Dede Yusuf, Rano Karno, Marissa Haque, Helmy Yahya, dan Saipul Jamil
merupakan lima dari sederetan artis yang kini sedang mulai mencoba peruntungannya di
dunia perpolitikan Indonesia. Dua dari lima nama di atas malah telah berhasil menggolkan
dirinya dalam ajang Pemilihan Kepala Daerah (Pilkada), yaitu Dede Yusuf untuk Pilkada
Jawa Barat dan Rano Karno untuk Pilkada Tangerang. Sedang Marissa Haque merupakan
contoh selebritis yang tidak berhasil memenangi Pilkada, dalam hal ini Pilkada Provinsi
Banten. Dua nama terakhir, Helmy Yahya dan Saipul Jamil merupakan nama yang
dikabarkan akan mendaftarkan diri, yaitu Helmy Yahya sebagai calon wakil gubernur
Sumatera Selatan dan Saipul Jamil sebagai calon wakil walikota Serang, dalam Pilkada
mendatang. Fenomena artis masuk ke dunia politik ini sebenarnya tidak hanya terjadi di
Indonesia. Melirik pada Amerika Serikat yang notabene dikenal sebagai negerinya demokrasi,
ternyata fenomena ini juga terjadi di Amerika Serikat, yaitu ketika Ronald Reagan yang
seorang bintang film pernah memimpin negara tersebut, serta aktor Arnold Schwarzeneger
yang hingga saat ini memimpin negara bagian California. Fenomena artis memasuki dunia
politik dengan memanfaatkan popularitas memang sedang terjadi di negara kita. Yang
kemudian menjadi pertanyaan adalah, apakah fenomena popularitas dalam dunia politik ini
akan menjadikan kualitas demokrasi dalam suatu negara menjadi lebih baik, atau fenomena
tersebut malah akan memperburuk kualitas demokrasi suatu negara?

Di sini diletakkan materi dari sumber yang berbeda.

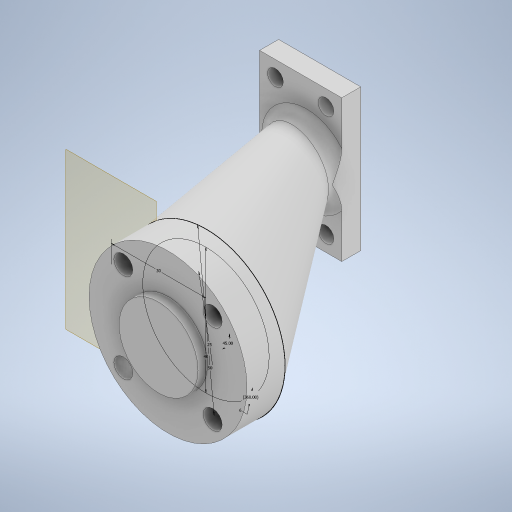
# Autodesk Inventor part: conexión
Saved by Autodesk Inventor 2024.3 (Build 283343000, 343)
## iProperties
Created: 2025-07-08
Part Number: conexión
Material: Generic
Document SubType Name: Modeling
Designer: user
Density: 1 g/cm^3
Appearance: Default
Author: user
Autodesk Inventor part; units mm, degrees
ref_plane "YZ Plane" through (0, 0, 0) normal (1, 0, 0) x (0, 1, 0)
ref_plane "XZ Plane" through (0, 0, 0) normal (0, 1, 0) x (-1, 0, 0)
ref_plane "XY Plane" through (0, 0, 0) normal (0, 0, 1) x (1, 0, 0)
sketch "Sketch1" plane through (0, 0, 0) normal (0, 0, 1) x (1, 0, 0)
  line L0 (-13, 22.45) -> (13, 22.45) projected
  line L1 (-13, -22.45) -> (-13, 22.45) projected
  line L2 (13, -22.45) -> (-13, -22.45) projected
  line L3 (13, 22.45) -> (13, -22.45) projected
  line L4 (0, 0) -> (8, 0)
  line L5 (8, 0) -> (8, -17.5)
  circle A0 centre (8, -17.5) radius 2.5
  circle A1 centre (-19.1601, -1.7726) radius 2.5
  line L6 (0, -22.45) -> (0, 22.45)
  circle A2 centre (-8, -17.5) radius 2.5
  line L7 (13, 0) -> (-13, 0)
  circle A3 centre (8, 17.5) radius 2.5
  circle A4 centre (-8, 17.5) radius 2.5
  circle A5 centre (8, -17.5) radius 2.5 projected
  circle A6 centre (-8, 17.5) radius 2.5 projected
  circle A7 centre (-8, -17.5) radius 2.5 projected
  circle A8 centre (8, 17.5) radius 2.5 projected
  dimension "d1" = 8
  dimension "d2" = 17.5
  dimension "d3" = 5
  constraints: 8 end point, 5 centre point, 4 midpoint, 3 symmetric about line, 1 coincident, 1 horizontal, 1 perpendicular, 3 other
  measures "d1" distance of L4.start L4.end
  measures "d2" distance of L4.end L5.end
  measures "d3" diameter of A0
extrude "Extrusion1" add sketch "Sketch1" along normal blind 6 contours L0 L6 L7 L1 | L0 L3 L7 L4 L6 | L7 L6 L2 L1 | L4 L7 L3 L2 L6
sketch "Sketch2" plane through (0, 0, 6) normal (0, 0, 1) x (1, 0, 0)
  circle A0 centre (0, 0) radius 10
  dimension "d6" = 20
  constraints: 1 centre point, 1 coincident
  measures "d6" diameter of A0
ref_plane "Work Plane1" through (0, 0, 66) normal (0, 0, 1) x (1, 0, 0)
sketch "Sketch3" plane through (0, 0, 66) normal (0, 0, 1) x (1, 0, 0)
  line L0 (0, 0) -> (30, 0)
  circle A0 centre (30, 0) radius 25
  circle A1 centre (30, 0) radius 20
  line L1 (30, 0) -> (47.6777, -17.6777)
  line L2 (30, 0) -> (55, 0) construction
  circle A2 centre (44.1421, -14.1421) radius 3
  circle A3 centre (44.1421, 14.1421) radius 3
  circle A4 centre (15.8579, 14.1421) radius 3
  circle A5 centre (15.8579, -14.1421) radius 3
  circle A6 centre (30, 0) radius 12.5
  dimension "d10" = 50
  dimension "d11" = 40
  dimension "d8" = 30
  dimension "d12" = 45
  dimension "d13" = 6
  dimension "d16" = 360
  dimension "d18" = 25
  constraints: 6 end point, 5 centre point, 4 coincident, 2 horizontal, 1 equal length, 1 point on line, 15 other
  measures "d8" distance of L0.start L0.end
  measures "d12" angle of L1 L2
  measures "d13" diameter of A2
  measures "d18" diameter of A6
extrude "Extrusion2" add sketch "Sketch3" along normal blind 12 contours A0 L1 A2 A1 A3 A4 L0 | L0 A1 A5 A2 L1 A0 | A1 A4 A3 A2 L1 A6 L0 | L0 A6 L1 A2 A1 A5
extrude "Extrusion3" add sketch "Sketch3" along normal blind 15 contours A6 L1 L0 | L0 L1 A6
loft "Loft1" add profiles "Sketch2", "Sketch3"
fillet "Fillet1" radius 3 1 edges at (-10, 0, 6)
body "Solid1"

Di masyarakat kita, dalam memperoleh dukungan politik, popularitas amatlah
penting. Karena itu selebritis yang identik dengan publikasi sangat mudah memperopleh

Page | 1
Erika . 0706291243 . Jurusan Ilmu Hubungan Internasional . Fakultas Ilmu Sosial dan Ilmu Politik.
Universitas Indonesia.

dukungan politik. Hal ini senada dengan apa yang ditulis oleh Darrell West, penulis buku
“Celebrity Politics”, bahwa artis dan pelawak tergiur terjun ke jabatan publik akibat
perkembangan media, khususnya televisi, dan demokrasi1. Televisi seakan menjadi medium
yang sempurna bagi selebiriti untuk mendulang kemasyhuran dan citra diri. Hal ini juga
didukung dengan sistem pemilihan langsung yang kini diterapkan di negara kita. Sistem
pemilihan langsung ini telah membuat selebriti yang lebih populer, menjadi lebih mempunyai
tempat di hati masyarakat sebagai penggemarnya. Selain itu, fenomena popularitas artis
dalam dunia politik ini juga disuburkan oleh kondisi dan karakteristik masyarakat Indonesia.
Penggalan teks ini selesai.